The term “superfood” has become an often used buzzword in the language of food and health. But due to the lack of scientifically-based evidence of the often praised positive health effects of these products, the actual term is neither legally protected nor officially defined. According to the English Oxford dictionary, a superfood is described as “A nutrient-rich food considered to be especially beneficial for health and well-being”. These foods often have an additional nutritional value (value-added products) in comparison to other food products such as a high fiber, antioxidant, mineral or vitamin content or a desirable fatty acid composition. Producers and marketers of superfoods highlight this extra value in order to market their products. Foods that are often discussed as being superfoods in the media include ancient grains, chia seeds, pulses, seaweed and kombucha.
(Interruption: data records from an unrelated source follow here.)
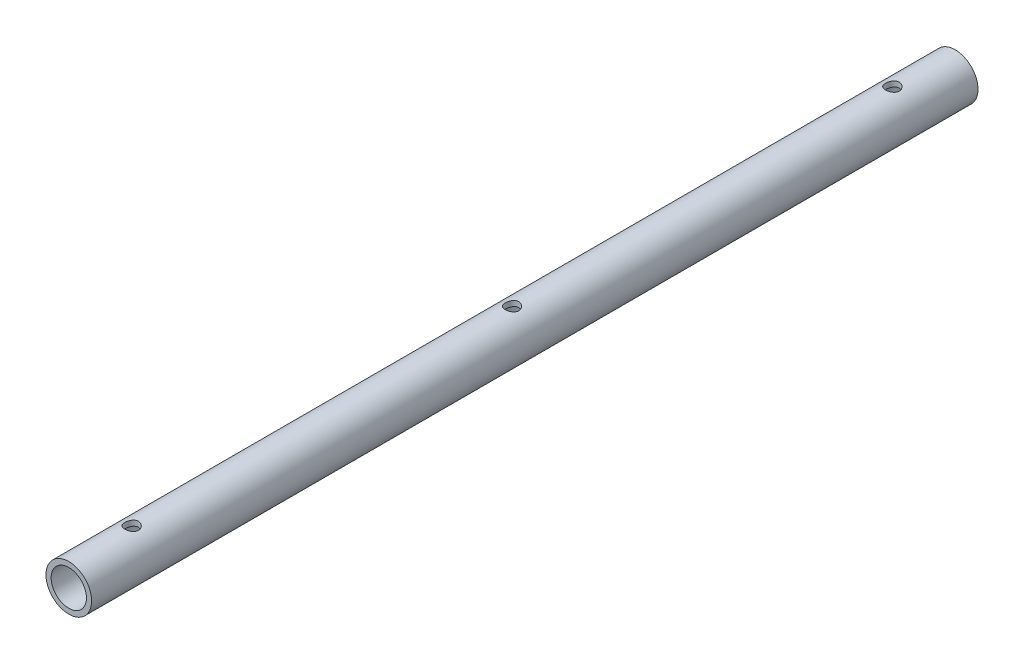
ISO-10303-21;
HEADER;
FILE_DESCRIPTION(('STEP AP214'),'2;1');
FILE_NAME('part.step','',(''),(''),'','','');
FILE_SCHEMA(('AUTOMOTIVE_DESIGN { 1 0 10303 214 1 1 1 1 }'));
ENDSEC;
DATA;
#1=APPLICATION_CONTEXT('core data for automotive mechanical design processes');
#2=APPLICATION_PROTOCOL_DEFINITION('international standard','automotive_design',2000,#1);
#3=PRODUCT_CONTEXT('',#1,'mechanical');
#4=PRODUCT('Part','Part','',(#3));
#5=PRODUCT_RELATED_PRODUCT_CATEGORY('part','',(#4));
#6=PRODUCT_DEFINITION_FORMATION('','',#4);
#7=PRODUCT_DEFINITION_CONTEXT('part definition',#1,'design');
#8=PRODUCT_DEFINITION('design','',#6,#7);
#9=PRODUCT_DEFINITION_SHAPE('','',#8);
#10=(LENGTH_UNIT() NAMED_UNIT(*) SI_UNIT(.MILLI.,.METRE.));
#11=(NAMED_UNIT(*) PLANE_ANGLE_UNIT() SI_UNIT($,.RADIAN.));
#12=(NAMED_UNIT(*) SI_UNIT($,.STERADIAN.) SOLID_ANGLE_UNIT());
#13=UNCERTAINTY_MEASURE_WITH_UNIT(LENGTH_MEASURE(1.E-05),#10,'distance_accuracy_value','');
#14=(GEOMETRIC_REPRESENTATION_CONTEXT(3) GLOBAL_UNCERTAINTY_ASSIGNED_CONTEXT((#13)) GLOBAL_UNIT_ASSIGNED_CONTEXT((#10,
#11,#12)) REPRESENTATION_CONTEXT('',''));
#15=CARTESIAN_POINT('',(0.,0.,0.));
#16=DIRECTION('',(0.,0.,1.));
#17=DIRECTION('',(1.,0.,0.));
#18=AXIS2_PLACEMENT_3D('',#15,#16,#17);
#19=CARTESIAN_POINT('',(0.,0.,207.1624));
#20=DIRECTION('',(0.,0.,1.));
#21=DIRECTION('',(1.,0.,0.));
#22=AXIS2_PLACEMENT_3D('',#19,#20,#21);
#23=PLANE('',#22);
#24=CARTESIAN_POINT('',(0.,0.,207.1624));
#25=DIRECTION('',(0.,0.,1.));
#26=DIRECTION('',(1.,0.,0.));
#27=AXIS2_PLACEMENT_3D('',#24,#25,#26);
#28=CIRCLE('',#27,10.668);
#29=CARTESIAN_POINT('',(10.668,0.,207.1624));
#30=VERTEX_POINT('',#29);
#31=EDGE_CURVE('E10',#30,#30,#28,.T.);
#32=ORIENTED_EDGE('',*,*,#31,.T.);
#33=EDGE_LOOP('',(#32));
#34=FACE_BOUND('',#33,.T.);
#35=CARTESIAN_POINT('',(0.,0.,207.1624));
#36=DIRECTION('',(0.,0.,1.));
#37=DIRECTION('',(1.,0.,0.));
#38=AXIS2_PLACEMENT_3D('',#35,#36,#37);
#39=CIRCLE('',#38,8.255);
#40=CARTESIAN_POINT('',(8.255,0.,207.1624));
#41=VERTEX_POINT('',#40);
#42=EDGE_CURVE('E50',#41,#41,#39,.T.);
#43=ORIENTED_EDGE('',*,*,#42,.F.);
#44=EDGE_LOOP('',(#43));
#45=FACE_BOUND('',#44,.T.);
#46=ADVANCED_FACE('F32',(#34,#45),#23,.T.);
#47=CARTESIAN_POINT('',(0.,0.,-207.1624));
#48=DIRECTION('',(0.,0.,1.));
#49=DIRECTION('',(1.,0.,0.));
#50=AXIS2_PLACEMENT_3D('',#47,#48,#49);
#51=PLANE('',#50);
#52=CARTESIAN_POINT('',(0.,0.,-207.1624));
#53=DIRECTION('',(0.,0.,1.));
#54=DIRECTION('',(1.,0.,0.));
#55=AXIS2_PLACEMENT_3D('',#52,#53,#54);
#56=CIRCLE('',#55,10.668);
#57=CARTESIAN_POINT('',(10.668,0.,-207.1624));
#58=VERTEX_POINT('',#57);
#59=EDGE_CURVE('E45',#58,#58,#56,.T.);
#60=ORIENTED_EDGE('',*,*,#59,.F.);
#61=EDGE_LOOP('',(#60));
#62=FACE_BOUND('',#61,.T.);
#63=CARTESIAN_POINT('',(0.,0.,-207.1624));
#64=DIRECTION('',(0.,0.,1.));
#65=DIRECTION('',(1.,0.,0.));
#66=AXIS2_PLACEMENT_3D('',#63,#64,#65);
#67=CIRCLE('',#66,8.255);
#68=CARTESIAN_POINT('',(8.255,0.,-207.1624));
#69=VERTEX_POINT('',#68);
#70=EDGE_CURVE('E89',#69,#69,#67,.T.);
#71=ORIENTED_EDGE('',*,*,#70,.T.);
#72=EDGE_LOOP('',(#71));
#73=FACE_BOUND('',#72,.T.);
#74=ADVANCED_FACE('F97',(#62,#73),#51,.F.);
#75=CARTESIAN_POINT('',(0.,0.,207.1624));
#76=DIRECTION('',(0.,0.,-1.));
#77=DIRECTION('',(-1.,0.,0.));
#78=AXIS2_PLACEMENT_3D('',#75,#76,#77);
#79=CYLINDRICAL_SURFACE('',#78,10.668);
#80=CARTESIAN_POINT('',(0.,10.668,-174.5996));
#81=CARTESIAN_POINT('',(-0.175570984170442,10.6679984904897,-174.599602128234));
#82=CARTESIAN_POINT('',(-0.351163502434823,10.6636243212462,-174.614095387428));
#83=CARTESIAN_POINT('',(-0.697235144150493,10.646602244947,-174.671547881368));
#84=CARTESIAN_POINT('',(-0.867712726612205,10.6339518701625,-174.714515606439));
#85=CARTESIAN_POINT('',(-1.19851290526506,10.6017635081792,-174.82735330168));
#86=CARTESIAN_POINT('',(-1.35885007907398,10.5822356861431,-174.897183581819));
#87=CARTESIAN_POINT('',(-1.66553975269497,10.5383221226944,-175.061601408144));
#88=CARTESIAN_POINT('',(-1.81189038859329,10.5139357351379,-175.156192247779));
#89=CARTESIAN_POINT('',(-2.09065446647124,10.462123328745,-175.370307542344));
#90=CARTESIAN_POINT('',(-2.22260967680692,10.4346350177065,-175.49041347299));
#91=CARTESIAN_POINT('',(-2.46483971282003,10.380088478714,-175.750910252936));
#92=CARTESIAN_POINT('',(-2.57511089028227,10.353030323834,-175.89130450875));
#93=CARTESIAN_POINT('',(-2.77325408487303,10.3017486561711,-176.192269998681));
#94=CARTESIAN_POINT('',(-2.86056678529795,10.2776025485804,-176.35322389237));
#95=CARTESIAN_POINT('',(-3.00669887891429,10.235809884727,-176.688371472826));
#96=CARTESIAN_POINT('',(-3.06552511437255,10.2181617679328,-176.862561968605));
#97=CARTESIAN_POINT('',(-3.15136205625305,10.1920124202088,-177.214092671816));
#98=CARTESIAN_POINT('',(-3.17921753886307,10.1832688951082,-177.391208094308));
#99=CARTESIAN_POINT('',(-3.20496015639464,10.175197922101,-177.747797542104));
#100=CARTESIAN_POINT('',(-3.20285455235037,10.1758681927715,-177.927270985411));
#101=CARTESIAN_POINT('',(-3.16939830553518,10.1863343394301,-178.276611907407));
#102=CARTESIAN_POINT('',(-3.13910605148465,10.1957999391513,-178.446592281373));
#103=CARTESIAN_POINT('',(-3.05184640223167,10.2222558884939,-178.778937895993));
#104=CARTESIAN_POINT('',(-2.99487637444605,10.2392469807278,-178.941302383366));
#105=CARTESIAN_POINT('',(-2.85509874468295,10.2791030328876,-179.256396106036));
#106=CARTESIAN_POINT('',(-2.77194787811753,10.30204527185,-179.408962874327));
#107=CARTESIAN_POINT('',(-2.58240750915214,10.3511814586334,-179.698332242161));
#108=CARTESIAN_POINT('',(-2.47601237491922,10.3773761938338,-179.835131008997));
#109=CARTESIAN_POINT('',(-2.23774721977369,10.4314053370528,-180.09508405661));
#110=CARTESIAN_POINT('',(-2.10499889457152,10.4592625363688,-180.217429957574));
#111=CARTESIAN_POINT('',(-1.82052249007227,10.5125084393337,-180.438311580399));
#112=CARTESIAN_POINT('',(-1.66879321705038,10.5378969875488,-180.536845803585));
#113=CARTESIAN_POINT('',(-1.3491927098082,10.5835768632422,-180.707797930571));
#114=CARTESIAN_POINT('',(-1.18122016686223,10.6038329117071,-180.780036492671));
#115=CARTESIAN_POINT('',(-0.834761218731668,10.6367112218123,-180.894999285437));
#116=CARTESIAN_POINT('',(-0.656277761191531,10.6493356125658,-180.937731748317));
#117=CARTESIAN_POINT('',(-0.300735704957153,10.6651914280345,-180.991123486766));
#118=CARTESIAN_POINT('',(-0.123855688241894,10.668743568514,-181.002878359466));
#119=CARTESIAN_POINT('',(0.229361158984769,10.6669955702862,-180.997052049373));
#120=CARTESIAN_POINT('',(0.40569805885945,10.6616966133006,-180.979474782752));
#121=CARTESIAN_POINT('',(0.748687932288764,10.6430517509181,-180.916368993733));
#122=CARTESIAN_POINT('',(0.915469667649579,10.6298902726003,-180.871480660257));
#123=CARTESIAN_POINT('',(1.23909809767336,10.597043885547,-180.755797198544));
#124=CARTESIAN_POINT('',(1.39594359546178,10.5773581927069,-180.68499895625));
#125=CARTESIAN_POINT('',(1.6992783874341,10.5329357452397,-180.517666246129));
#126=CARTESIAN_POINT('',(1.8454441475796,10.5080926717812,-180.420574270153));
#127=CARTESIAN_POINT('',(2.11978132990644,10.4562075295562,-180.204087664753));
#128=CARTESIAN_POINT('',(2.24794822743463,10.4291649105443,-180.084687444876));
#129=CARTESIAN_POINT('',(2.48747344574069,10.3746976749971,-179.821826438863));
#130=CARTESIAN_POINT('',(2.59805231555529,10.3472948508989,-179.677649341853));
#131=CARTESIAN_POINT('',(2.79350103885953,10.2962525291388,-179.372190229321));
#132=CARTESIAN_POINT('',(2.87837156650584,10.2726129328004,-179.210908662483));
#133=CARTESIAN_POINT('',(3.01941411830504,10.2320455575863,-178.876331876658));
#134=CARTESIAN_POINT('',(3.07571981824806,10.2150866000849,-178.703097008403));
#135=CARTESIAN_POINT('',(3.15819164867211,10.1898942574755,-178.34900094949));
#136=CARTESIAN_POINT('',(3.18436810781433,10.1816578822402,-178.168142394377));
#137=CARTESIAN_POINT('',(3.20513626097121,10.1751378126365,-177.812030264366));
#138=CARTESIAN_POINT('',(3.20099858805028,10.1764537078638,-177.636857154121));
#139=CARTESIAN_POINT('',(3.16428893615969,10.1879272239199,-177.289826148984));
#140=CARTESIAN_POINT('',(3.13171809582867,10.1980844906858,-177.117968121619));
#141=CARTESIAN_POINT('',(3.03988689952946,10.2258276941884,-176.784522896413));
#142=CARTESIAN_POINT('',(2.98096298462,10.2433198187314,-176.622834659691));
#143=CARTESIAN_POINT('',(2.83836023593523,10.2837445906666,-176.311510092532));
#144=CARTESIAN_POINT('',(2.75467666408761,10.306678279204,-176.1618760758));
#145=CARTESIAN_POINT('',(2.56136042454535,10.3564448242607,-175.87301117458));
#146=CARTESIAN_POINT('',(2.4508935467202,10.3833892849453,-175.734357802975));
#147=CARTESIAN_POINT('',(2.20864798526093,10.4375993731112,-175.47714434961));
#148=CARTESIAN_POINT('',(2.07686377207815,10.464865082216,-175.358589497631));
#149=CARTESIAN_POINT('',(1.7910841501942,10.5176011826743,-175.141484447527));
#150=CARTESIAN_POINT('',(1.63655203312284,10.5429957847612,-175.043620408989));
#151=CARTESIAN_POINT('',(1.31246563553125,10.5882178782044,-174.875399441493));
#152=CARTESIAN_POINT('',(1.14291842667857,10.608047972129,-174.805029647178));
#153=CARTESIAN_POINT('',(0.81238465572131,10.6381760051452,-174.700102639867));
#154=CARTESIAN_POINT('',(0.652427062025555,10.6492675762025,-174.662516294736));
#155=CARTESIAN_POINT('',(0.328318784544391,10.6641796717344,-174.612266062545));
#156=CARTESIAN_POINT('',(0.164168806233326,10.6680014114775,-174.599598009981));
#157=CARTESIAN_POINT('',(0.,10.668,-174.5996));
#158=B_SPLINE_CURVE_WITH_KNOTS('',3,(#80,#81,#82,#83,#84,#85,#86,#87,#88,#89,#90,#91,#92,#93,
#94,#95,#96,#97,#98,#99,#100,#101,#102,#103,#104,#105,#106,#107,#108,#109,#110,#111,#112,#113,
#114,#115,#116,#117,#118,#119,#120,#121,#122,#123,#124,#125,#126,#127,#128,#129,#130,#131,#132,
#133,#134,#135,#136,#137,#138,#139,#140,#141,#142,#143,#144,#145,#146,#147,#148,#149,#150,#151,
#152,#153,#154,#155,#156,#157),.UNSPECIFIED.,.T.,.F.,(4,2,2,2,2,2,2,2,2,2,2,2,2,2,2,2,2,2,2,2,2,
2,2,2,2,2,2,2,2,2,2,2,2,2,2,2,2,2,4),(0.,0.526109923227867,1.05237678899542,1.57786905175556,
2.10343124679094,2.64258314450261,3.18182567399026,3.73319151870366,4.28442486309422,
4.82022249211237,5.35589027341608,5.87222229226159,6.38860527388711,6.91206233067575,
7.43564635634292,7.98109573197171,8.52657942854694,9.0757166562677,9.62470061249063,
10.1539903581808,10.6832094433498,11.2004771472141,11.7178070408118,12.2471052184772,
12.7765362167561,13.3251939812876,13.8738373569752,14.4198889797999,14.9657533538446,
15.4888725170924,16.0119707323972,16.5285733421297,17.0452748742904,17.5807984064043,
18.1164610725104,18.667783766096,19.2188481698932,19.7108729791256,20.2028155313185),.UNSPECIFIED.);
#159=CARTESIAN_POINT('',(0.,10.668,-174.5996));
#160=VERTEX_POINT('',#159);
#161=EDGE_CURVE('E191',#160,#160,#158,.T.);
#162=ORIENTED_EDGE('',*,*,#161,.T.);
#163=EDGE_LOOP('',(#162));
#164=FACE_BOUND('',#163,.T.);
#165=CARTESIAN_POINT('',(0.,-10.668,-174.5996));
#166=CARTESIAN_POINT('',(0.175570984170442,-10.6679984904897,-174.599602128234));
#167=CARTESIAN_POINT('',(0.351163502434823,-10.6636243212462,-174.614095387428));
#168=CARTESIAN_POINT('',(0.697235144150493,-10.646602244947,-174.671547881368));
#169=CARTESIAN_POINT('',(0.867712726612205,-10.6339518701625,-174.714515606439));
#170=CARTESIAN_POINT('',(1.19851290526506,-10.6017635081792,-174.82735330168));
#171=CARTESIAN_POINT('',(1.35885007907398,-10.5822356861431,-174.897183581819));
#172=CARTESIAN_POINT('',(1.66553975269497,-10.5383221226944,-175.061601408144));
#173=CARTESIAN_POINT('',(1.81189038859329,-10.5139357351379,-175.156192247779));
#174=CARTESIAN_POINT('',(2.09065446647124,-10.462123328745,-175.370307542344));
#175=CARTESIAN_POINT('',(2.22260967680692,-10.4346350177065,-175.49041347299));
#176=CARTESIAN_POINT('',(2.46483971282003,-10.380088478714,-175.750910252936));
#177=CARTESIAN_POINT('',(2.57511089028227,-10.353030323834,-175.89130450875));
#178=CARTESIAN_POINT('',(2.77325408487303,-10.3017486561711,-176.192269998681));
#179=CARTESIAN_POINT('',(2.86056678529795,-10.2776025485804,-176.35322389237));
#180=CARTESIAN_POINT('',(3.00669887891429,-10.235809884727,-176.688371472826));
#181=CARTESIAN_POINT('',(3.06552511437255,-10.2181617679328,-176.862561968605));
#182=CARTESIAN_POINT('',(3.15136205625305,-10.1920124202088,-177.214092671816));
#183=CARTESIAN_POINT('',(3.17921753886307,-10.1832688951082,-177.391208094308));
#184=CARTESIAN_POINT('',(3.20496015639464,-10.175197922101,-177.747797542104));
#185=CARTESIAN_POINT('',(3.20285455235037,-10.1758681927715,-177.927270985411));
#186=CARTESIAN_POINT('',(3.16939830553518,-10.1863343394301,-178.276611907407));
#187=CARTESIAN_POINT('',(3.13910605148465,-10.1957999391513,-178.446592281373));
#188=CARTESIAN_POINT('',(3.05184640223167,-10.2222558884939,-178.778937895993));
#189=CARTESIAN_POINT('',(2.99487637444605,-10.2392469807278,-178.941302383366));
#190=CARTESIAN_POINT('',(2.85509874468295,-10.2791030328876,-179.256396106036));
#191=CARTESIAN_POINT('',(2.77194787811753,-10.30204527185,-179.408962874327));
#192=CARTESIAN_POINT('',(2.58240750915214,-10.3511814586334,-179.698332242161));
#193=CARTESIAN_POINT('',(2.47601237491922,-10.3773761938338,-179.835131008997));
#194=CARTESIAN_POINT('',(2.23774721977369,-10.4314053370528,-180.09508405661));
#195=CARTESIAN_POINT('',(2.10499889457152,-10.4592625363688,-180.217429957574));
#196=CARTESIAN_POINT('',(1.82052249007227,-10.5125084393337,-180.438311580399));
#197=CARTESIAN_POINT('',(1.66879321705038,-10.5378969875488,-180.536845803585));
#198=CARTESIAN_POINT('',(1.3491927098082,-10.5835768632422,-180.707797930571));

On a global level, the United States accounted for approximately 30 percent of food and drink launches featuring the terms "superfood", "superfruit" or "supergrain" in 2015, followed by Australia and Germany. “Supergrains” or so-called ancient grains such as quinoa, amaranth, buckwheat or millet showed a double-digit growth in dollar sales in the U.S. conventional, multi-outlet channel in 2015. Chia seeds are also commonly referred to as an ancient grain, but the omega-three fatty-acid-filled food is actually a seed. The global market value of chia seeds was estimated at about 0.27 billion U.S. dollars in 2016. According to a recent survey where U.S. consumers were asked how healthy or unhealthy they consider a list of selected food products, chia seeds had the top spot (together with quinoa) with an average score of 3.79 on a scale from one to five with “five” being “very healthy".
In addition to the food category, the beverage segment also has value-added products such as kombucha to offer. The fermented tea drink has been promoted to have a positive health effect. In 2015, the global kombucha market was estimated at 0.6 billion U.S. dollars worldwide. In the United States, 14.1 percent of consumers reported to have consumed kombucha at least once in the last five years.